Writing a winning proposal has little to do with drafts. Drafts are the illusion of progress. Until you have a clear understanding of what done means, drafts and dates are meaningless. Your goal is to make done mean unfettered stakeholder approval. Only then can done deliver the value you desire and result in the win you deserve.
Nowhere is there an RFP with absolutely equal components. In some price is most important, in others the technical solution prevails and most commonly you find the reference to best value. No matter, however, as most proposal teams lop all of the pieces into a parallel list of tasks and deliverables.
To treat components of vastly different value with the same effort is wasteful, at best. Moreover, it falsely assumes your team has all of the information it needs for any given requirement at any given point in the process. Reality never works that way. Better, create a task backlog which prioritizes the items of most business value with clearly defined dependencies. If the dependencies are not ready, the task waits. This is a very effective way to ensure focus on the right priorities.

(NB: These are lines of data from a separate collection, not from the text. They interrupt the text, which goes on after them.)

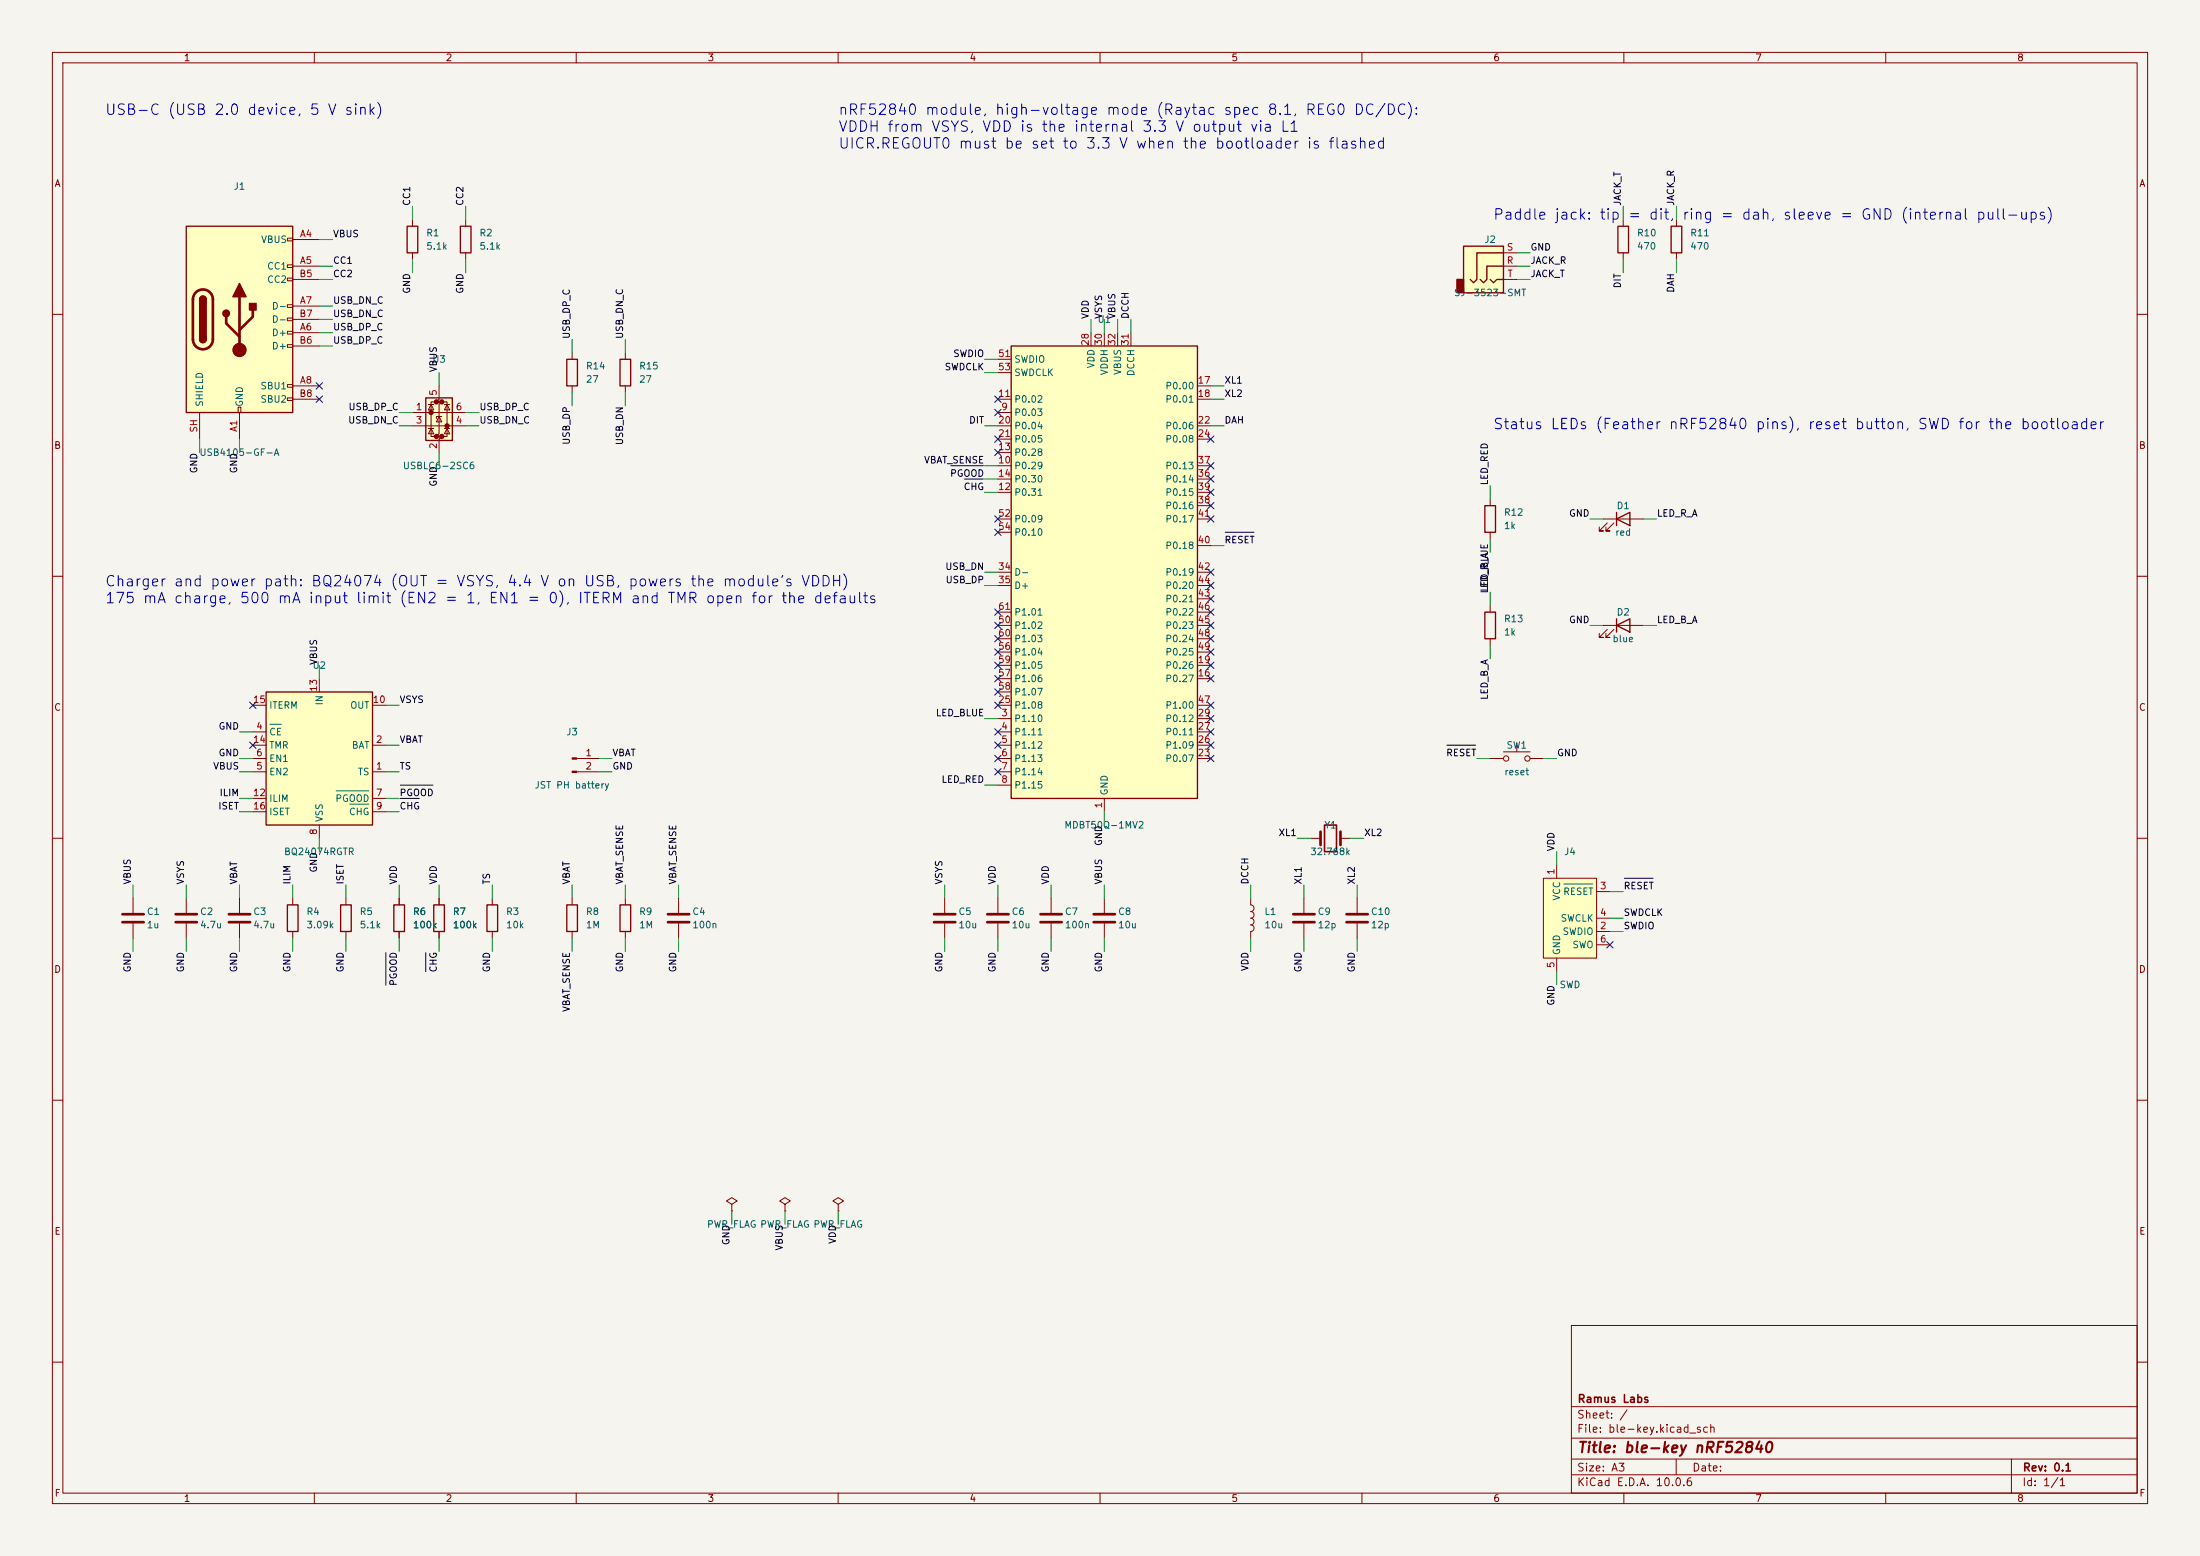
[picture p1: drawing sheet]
<svg xmlns="http://www.w3.org/2000/svg" width="420mm" height="297mm" viewBox="0 0 420 297" stroke-linecap="round" stroke-linejoin="round" font-family="sans-serif">
<path d="M0 0h420v297h-420z" fill="#f5f4ef" stroke="#f5f4ef" stroke-width=".19"/>
<g fill="none" stroke="#840000" stroke-width=".19">
<path d="M10 10h400v277h-400zM12 12h396v273h-396zM60 10v2M110 10v2M160 10v2M210 10v2M260 10v2M310 10v2M360 10v2M10 60h2M408 60h2M10 110h2"/>
<path d="M408 110h2M10 160h2M408 160h2M35.6 171.5v2.7M35.6 176.3v2.8M45.7 171.5v2.7M45.7 176.3v2.8M210.8 171.5v2.7M210.8 176.3v2.8M10 210h2M408 210h2M300 253h108v32h-108z"/>
<path d="M10 260h2M300 278.5h108M300 274.5h108M300 268.5h108M320 278.5v3M384 278.5v6.5M408 260h2M60 285v2M110 285v2M160 285v2M210 285v2M260 285v2"/>
<path d="M300 281.5h108M310 285v2M360 285v2"/>
</g>
<path d="M33.5 174.5h4.1M33.5 176h4.1M43.7 174.5h4.1M43.7 176h4.1M208.8 174.5h4.1M208.8 176h4.1" fill="none" stroke="#840000" stroke-width=".51"/>
<path d="M193 66h35.6v86.4h-35.6z" fill="#ffffc2"/>
<path d="M193 66h35.6v86.4h-35.6zM283.5 96.5h2v5.1h-2zM283.5 116.8h2v5.1h-2z" fill="none" stroke="#840000" stroke-width=".25"/>
<g fill="none" stroke="#840000" stroke-width=".19">
<path d="M190.5 78.7h2.5M190.5 76.2h2.5M190.5 68.6h2.5M190.5 71.1h2.5M208.3 63.5v2.5M210.8 63.5v2.5M213.4 63.5v2.5M215.9 63.5v2.5M228.6 76.2h2.5M228.6 73.7h2.5M190.5 88.9h2.5M190.5 94h2.5"/>
<path d="M190.5 86.4h2.5M190.5 91.4h2.5M190.5 81.3h2.5M190.5 83.8h2.5M190.5 99.1h2.5M228.6 88.9h2.5M228.6 94h2.5M228.6 91.4h2.5M228.6 81.3h2.5M228.6 83.8h2.5M228.6 96.5h2.5M228.6 99.1h2.5"/>
<path d="M284.5 95.3v1.2M190.5 109.2h2.5M190.5 111.8h2.5M190.5 119.4h2.5M190.5 116.8h2.5M190.5 101.6h2.5M228.6 109.2h2.5M228.6 111.8h2.5M228.6 104.1h2.5M228.6 114.3h2.5M228.6 119.4h2.5M228.6 116.8h2.5"/>
<path d="M284.5 101.6v1.3M284.5 115.6v1.2M190.5 137.2h2.5M190.5 139.7h2.5M190.5 129.5h2.5M190.5 127h2.5M190.5 134.6h2.5M190.5 121.9h2.5M190.5 124.5h2.5M190.5 132.1h2.5M228.6 137.2h2.5M228.6 139.7h2.5"/>
<path d="M228.6 129.5h2.5M228.6 127h2.5M228.6 134.6h2.5M228.6 121.9h2.5M228.6 124.5h2.5M284.5 121.9v1.3M190.5 142.2h2.5M190.5 144.8h2.5M190.5 147.3h2.5M190.5 149.9h2.5M210.8 152.4v2.5M228.6 142.2h2.5"/>
<path d="M228.6 144.8h2.5M129.5 171.5v2.7M129.5 176.3v2.8M139.7 229.9l1-.7-1-.6-1 .6 1 .7v1.2M139.7 231.1h.1M149.9 229.9l1-.7-1-.6-1.1 .6 1.1 .7v1.2M149.9 231.1h.1M160 229.9l1-.7-1-.6-1 .6 1 .7v1.2M160 231.1h.1"/>
</g>
<path d="M127.5 174.5h4.1M127.5 176h4.1" fill="none" stroke="#840000" stroke-width=".51"/>
<path d="M35.6 43.2h20.3v35.5h-20.3z" fill="#ffffc2"/>
<g fill="none" stroke="#840000" stroke-width=".19">
<path d="M54.9 45.5h1v.5h-1zM54.9 50.5h1v.6h-1zM54.9 53.1h1v.5h-1zM54.9 58.2h1v.5h-1zM55.9 45.7h5.1M55.9 50.8h5.1M55.9 58.4h5.1M55.9 53.3h5.1M38.1 78.7v5.1M45.5 77.7h.5v1h-.5zM45.7 78.7v5.1M54.9 60.7h1v.5h-1z"/>
<path d="M54.9 63.2h1v.6h-1zM54.9 65.8h1v.5h-1zM54.9 73.4h1v.5h-1zM54.9 75.9h1v.6h-1zM55.9 63.5h5.1M55.9 73.7h5.1M55.9 66h5.1M55.9 61h5.1M55.9 76.2h5.1M306.1 99.1h7.6M306.8 99.8l-1.5 1.5h.8h-.8v-.7M308.1 99.8l-1.5 1.5h.7h-.7v-.7"/>
<path d="M306.1 119.4h7.6M306.8 120.1l-1.5 1.6h.8h-.8v-.8M308.1 120.1l-1.5 1.6h.7h-.7v-.8M83.8 171.5v1.2M83.8 177.8v1.3M94 171.5v1.2M94 177.8v1.3M109.2 171.5v1.2M109.2 177.8v1.3M119.4 171.5v1.2M119.4 177.8v1.3M238.8 171.5v1.2a.64 .64 0 0 1 .6 .7 .64 .64 0 0 1-.6 .6 .64 .64 0 0 1 .6 .6 .64 .64 0 0 1-.6 .7 .64 .64 0 0 1 .6 .6 .64 .64 0 0 1-.6 .6 .64 .64 0 0 1 .6 .7 .64 .64 0 0 1-.6 .6"/>
<path d="M238.8 177.8v1.3M248.9 171.5v2.7M248.9 176.3v2.8M250.2 160h1.9M255.9 160h1.9"/>
</g>
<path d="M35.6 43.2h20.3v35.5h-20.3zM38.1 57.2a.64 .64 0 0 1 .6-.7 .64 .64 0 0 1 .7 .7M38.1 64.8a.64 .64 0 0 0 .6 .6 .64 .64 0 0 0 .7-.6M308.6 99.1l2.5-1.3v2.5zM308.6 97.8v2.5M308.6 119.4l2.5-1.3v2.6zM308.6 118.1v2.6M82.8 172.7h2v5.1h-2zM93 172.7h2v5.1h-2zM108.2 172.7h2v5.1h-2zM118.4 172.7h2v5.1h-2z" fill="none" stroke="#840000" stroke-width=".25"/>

The old approach to the proposal process uses color reviews to gather feedback on the team’s progress. Red team, pink team, blue team, green team – each group tasked to be a fresh set of eyes to critique the current work product. Too often, these reviews end in meaningless feedback quickly ignored by the check-the-box mentality of following a process. Why? Ambiguous roles mean the value is questionable, often contradictory and trapped in an ill-defined morass of subjectivity. Instead, review team members should each represent a stakeholder voice asked to advocate their position throughout the process. Who will speak on behalf of your customer, the evaluator, the business owner, your operations team? Those voices tasked to work together result in a better product that meets collective stakeholder objectives.